The Alternative Report on Africa (AROA): Call for Application

DEADLINE FOR SUBMITTING PROPOSALS OF PAPERS: 30 April 2023

TO BE SENT TO: cheikh@endatiersmonde.org, c.gueye9@gmail.com, abdendiaye@gmail.com

FOR MORE INFORMATION: The AROA is launching a +221 78 639 17 80

The Alternative Report on Africa (AROA) is an essential initiative of prominent African and international institutions (Enda Tiers Monde, Third World Forum, TRUSTAFRICA, Rosa Luxembourg Foundation, the African Futures Institute (AFI), CODESRIA, Initiative Prospective Agricole et Rurale (IPAR), PANAFRICARE, AAWORD/AFARD (Association of African Women for Research and Development), LEGS AFRICA, the Alliance for Rebuilding Governance in Africa (ARGA), West Africa Think tank (WATHI), OXFAM, whose vocation is to strive for the intellectual sovereignty of the continent and to restore to African institutions and citizens the forward-looking capacity they need to work towards the future according to their own imagination and interests.

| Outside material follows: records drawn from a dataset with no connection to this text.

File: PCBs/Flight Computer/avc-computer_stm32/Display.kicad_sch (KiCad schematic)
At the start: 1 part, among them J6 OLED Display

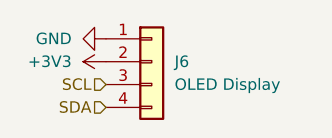
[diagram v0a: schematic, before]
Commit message: Began fixing reference designators
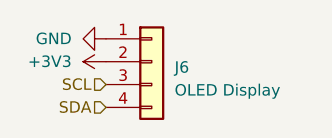
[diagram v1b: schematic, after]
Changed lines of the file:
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@@
   (symbol (lib_id "Connector_Generic:Conn_01x04") (at 165.1 90.17 0) (unit 1)
     (in_bom yes) (on_board yes) (dnp no) (fields_autoplaced)
-    (property "Reference" "J6" (at 167.64 90.1699 0)
+    (property "Reference" "J6" (at 167.64 90.805 0)
       (effects (font (size 1.27 1.27)) (justify left))
     )
-    (property "Value" "OLED Display" (at 167.64 92.7099 0)
+    (property "Value" "OLED Display" (at 167.64 93.345 0)
       (effects (font (size 1.27 1.27)) (justify left))
     )
@@
   (symbol (lib_id "power:+3V3") (at 160.02 90.17 90) (unit 1)
     (in_bom yes) (on_board yes) (dnp no) (fields_autoplaced)
-    (property "Reference" "#PWR0164" (at 163.83 90.17 0)
+    (property "Reference" "#PWR028" (at 163.83 90.17 0)
       (effects (font (size 1.27 1.27)) hide)
     )
@@
       (project "avc-computer"
         (path "/e63e39d7-6ac0-4ffd-8aa3-1841a4541b55/b9d51fc2-139c-4202-b21b-ffd40eaf3b64"
-          (reference "#PWR0164") (unit 1)
+          (reference "#PWR028") (unit 1)
         )
       )
@@
   (symbol (lib_id "power:GND") (at 160.02 87.63 270) (unit 1)
     (in_bom yes) (on_board yes) (dnp no) (fields_autoplaced)
-    (property "Reference" "#PWR0163" (at 153.67 87.63 0)
+    (property "Reference" "#PWR027" (at 153.67 87.63 0)
       (effects (font (size 1.27 1.27)) hide)
     )
@@
       (project "avc-computer"
         (path "/e63e39d7-6ac0-4ffd-8aa3-1841a4541b55/b9d51fc2-139c-4202-b21b-ffd40eaf3b64"
-          (reference "#PWR0163") (unit 1)
+          (reference "#PWR027") (unit 1)
         )
       )
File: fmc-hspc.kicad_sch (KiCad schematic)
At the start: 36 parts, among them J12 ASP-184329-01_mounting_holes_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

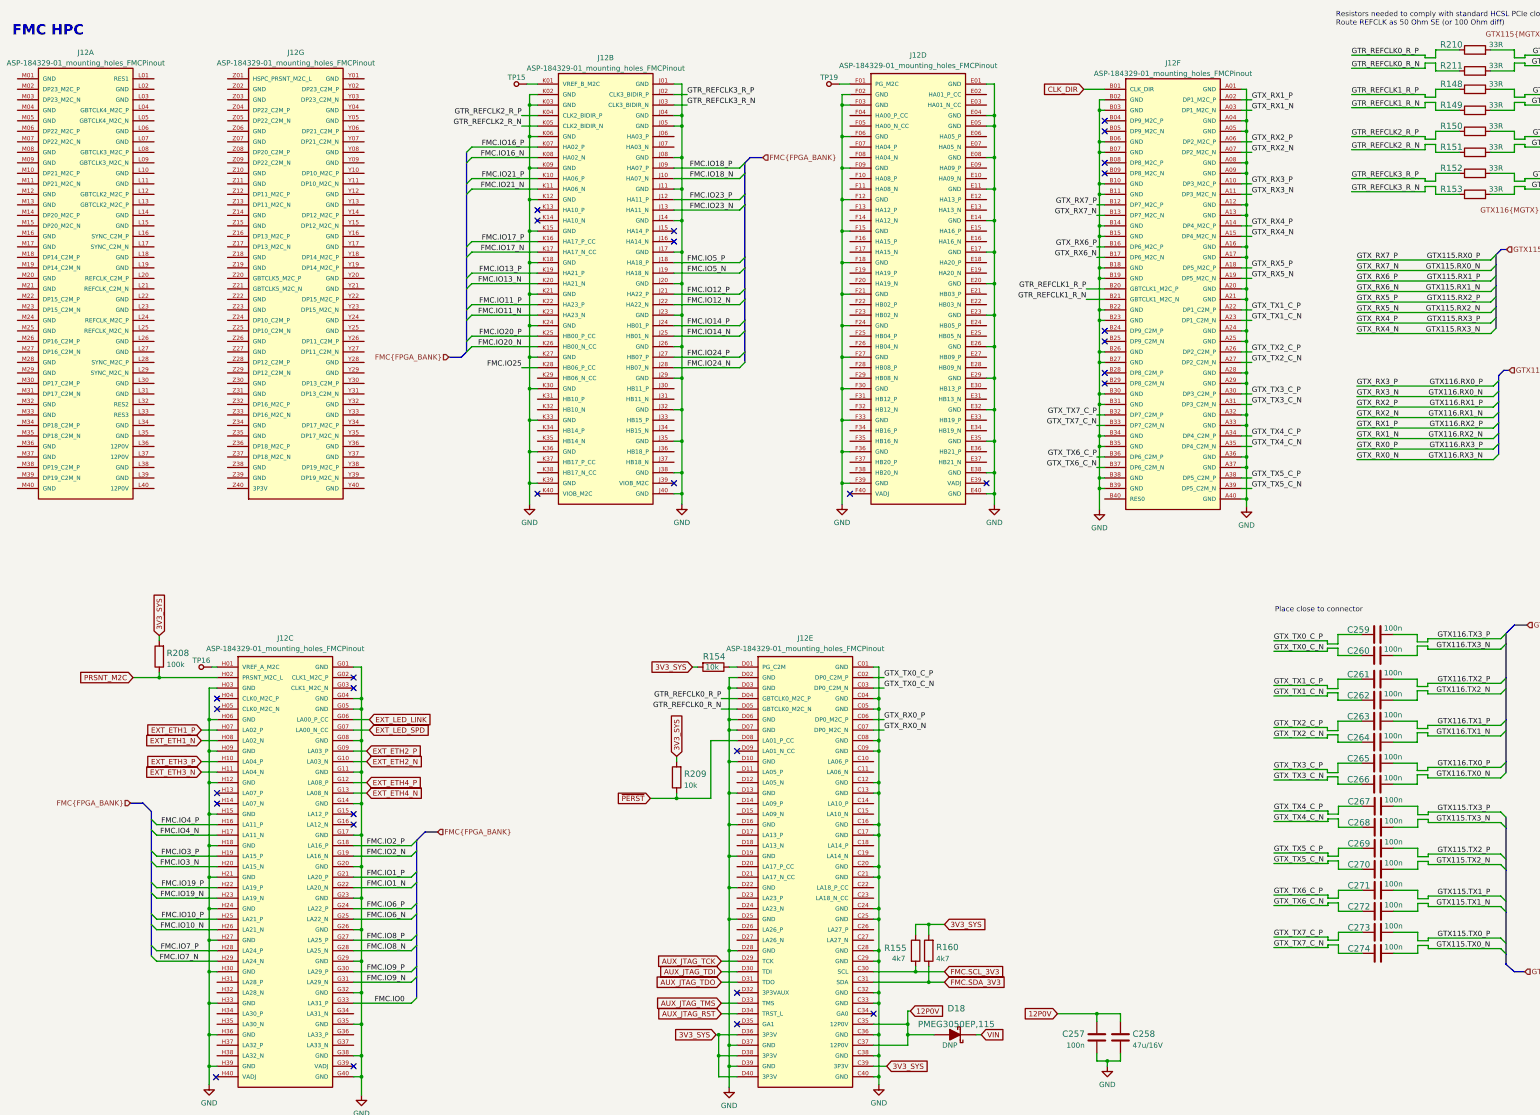
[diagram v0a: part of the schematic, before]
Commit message: Re-annotate the schematic. Export changes to PCB
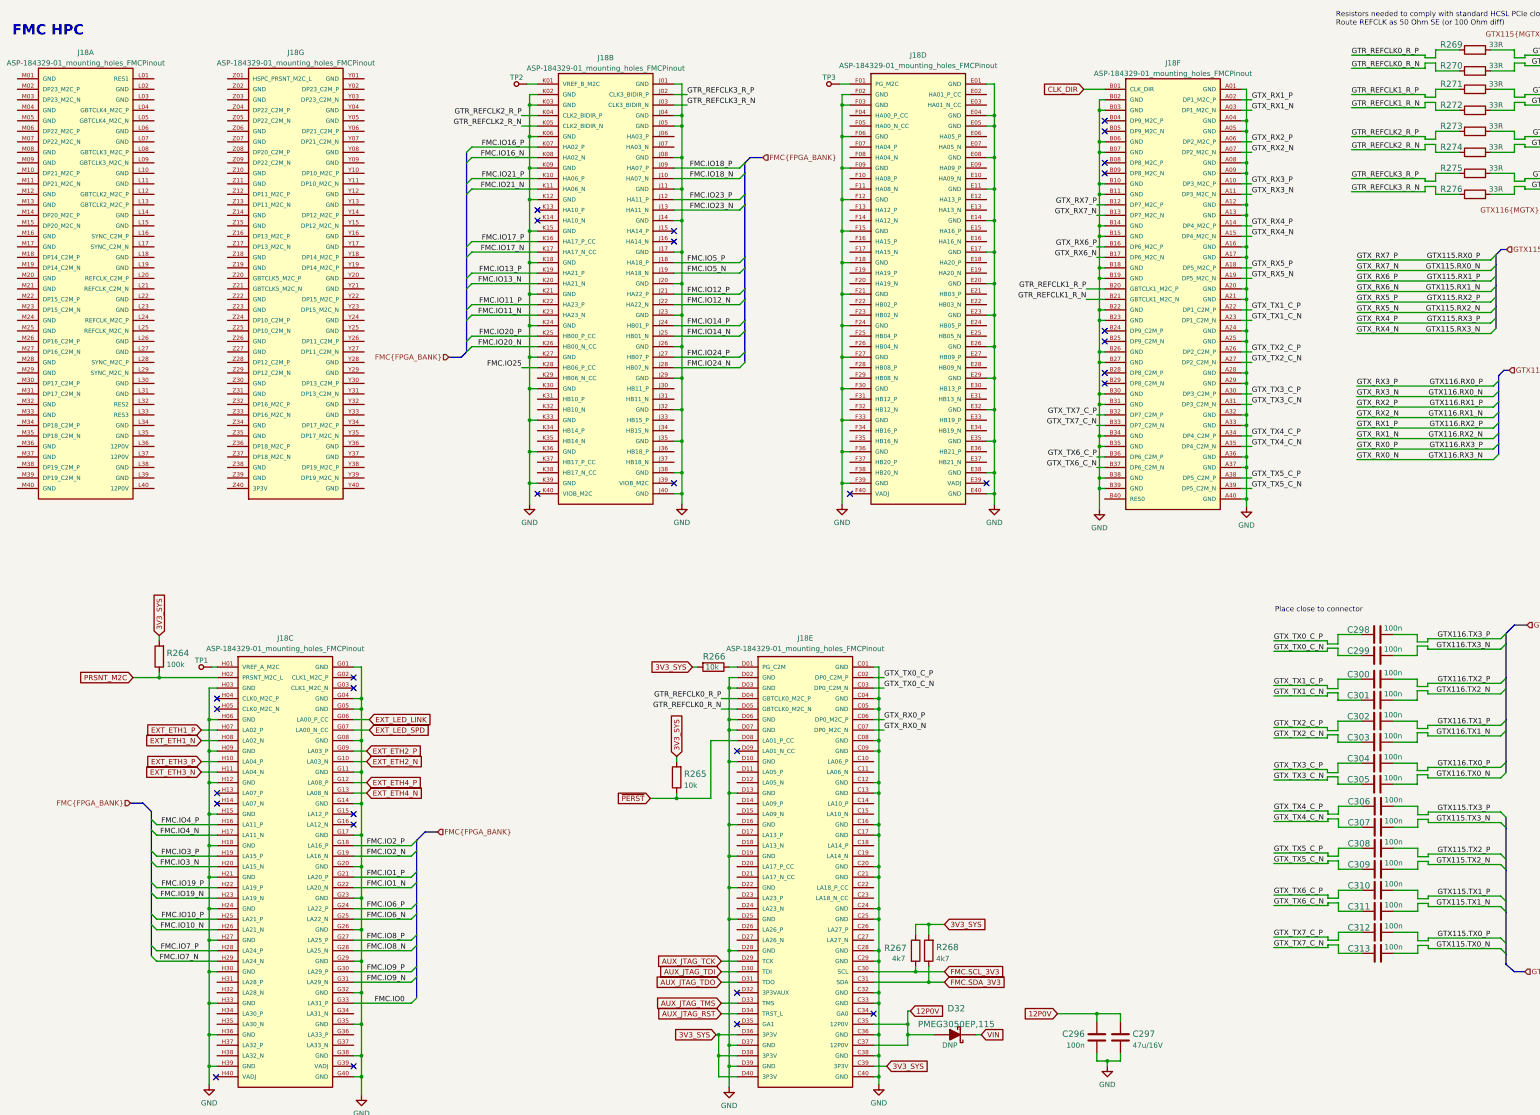
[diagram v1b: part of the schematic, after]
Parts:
- renumbered C257 to C296, C258 to C297, C259 to C298, C260 to C299, C261 to C300, C262 to C301, C263 to C302, C264 to C303, C265 to C304, C266 to C305, C267 to C306, C268 to C307, C269 to C308, C270 to C309, C271 to C310, C272 to C311, C273 to C312, C274 to C313, D18 to D32, J12 to J18, R208 to R264, R209 to R265, R154 to R266, R155 to R267, R160 to R268, R210 to R269, R211 to R270, R148 to R271, R149 to R272, R150 to R273, R151 to R274, R152 to R275, R153 to R276, TP16 to TP1, TP15 to TP2, TP19 to TP3

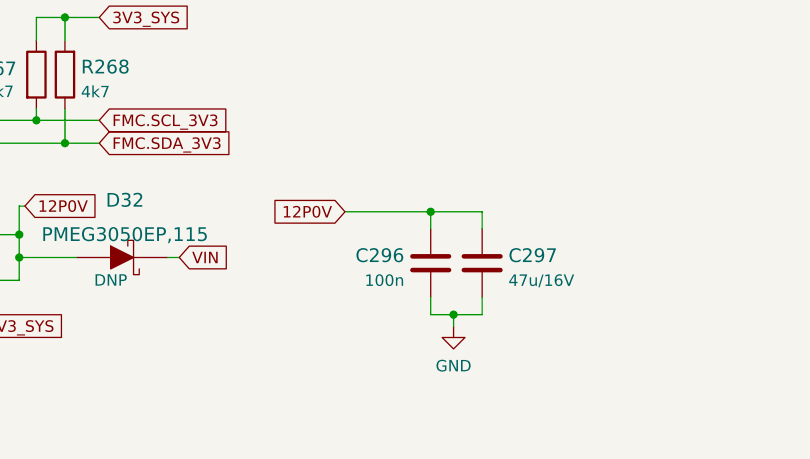
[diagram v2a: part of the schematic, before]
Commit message: Replace 100n to 0402
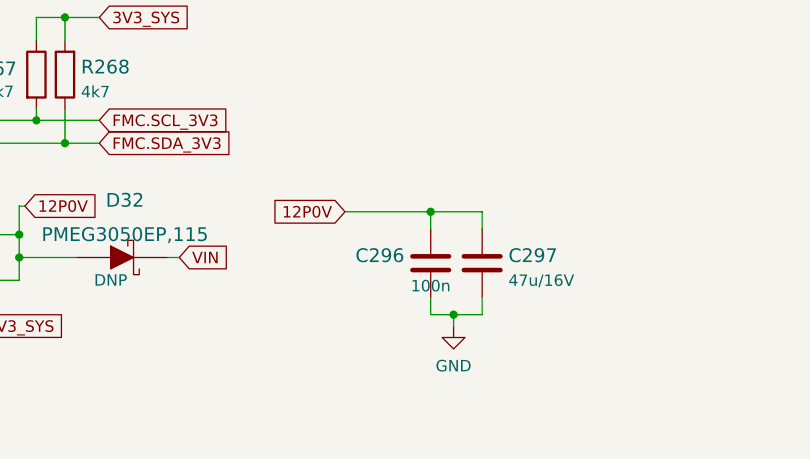
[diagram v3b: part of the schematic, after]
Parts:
- C296: value C_100n_0201 -> C_100n_0402_EIA; footprint antmicro-footprints:0201-res -> antmicro-footprints:0402-cap_EIA; symbol antmicroCapacitorsmisc:C_100n_0201 -> antmicroCapacitors0402:C_100n_0402_EIA; MPN CC0201KRX6S5BB104 -> GRM155R61H104KE14D; Manufacturer YAGEO -> Murata
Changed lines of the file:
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@@
     (pin "2")
   )
-  (symbol (lib_id "antmicroCapacitorsmisc:C_100n_0201") (at 280.035 262.255 0) (unit 1)
+  (symbol (lib_id "antmicroCapacitors0402:C_100n_0402_EIA") (at 280.035 262.255 0) (unit 1)
     (in_bom yes) (on_board yes) (fields_autoplaced)
     (property "Reference" "C296" (id 0) (at 277.114 261.4204 0)
       (effects (font (size 1.524 1.524)) (justify right))
     )
-    (property "Value" "C_100n_0201" (id 1) (at 280.035 266.065 0)
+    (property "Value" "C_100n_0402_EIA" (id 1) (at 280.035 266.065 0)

In view of the large number of reports on Africa classifying the countries of the continent according to exogenous and neoliberal criteria and indicators (Doing Business, GDP, austerity indicators, reduction of public expenditure, external debt service, etc.), AROA sets out to reverse the ideological and epistemological analyses on the continent, deepen and diversify the issues and areas addressed as well as the indicators for measuring the progress and sovereignty of Africans. Also supported by high-level African citizens, politicians and scientists, this initiative draws up Reports that  truly  reflect  the  sensitivity  and  experience  of  Africans  in  the  different environments in which they find themselves.

Its  objective  is  to  contribute,  in  a  decisive  way,  to  the  consolidation  of  the transformations at work in African societies and institutions towards autonomy and sovereignty. The aim is to make visible the dynamics and changes at work on the continent, in particular those which are carried by Africans in their majority and their diversity. In so doing AROA seeks to reinforce the real societal transformations which are informed by an uninhibited spirit and capacities for innovation and conquest of their autonomy too little of which is contained in the reports on Africa and their instruments.

Thus, the debates in the spaces for defining strategies and/or policies will be informed and enriched by endogenous knowledge that makes sense for Africans and any other relevant and conclusive data. These will be produced on a credible basis that promotes African-specific innovations and strengthens their empowerment.

AROA is also intended to be a response to the shortcomings of the prospective capacities of African institutions and actors who are the engines of the continent’s dynamics. It will inform African projections on the future in the context of a return to long-term planning at national and continental scales.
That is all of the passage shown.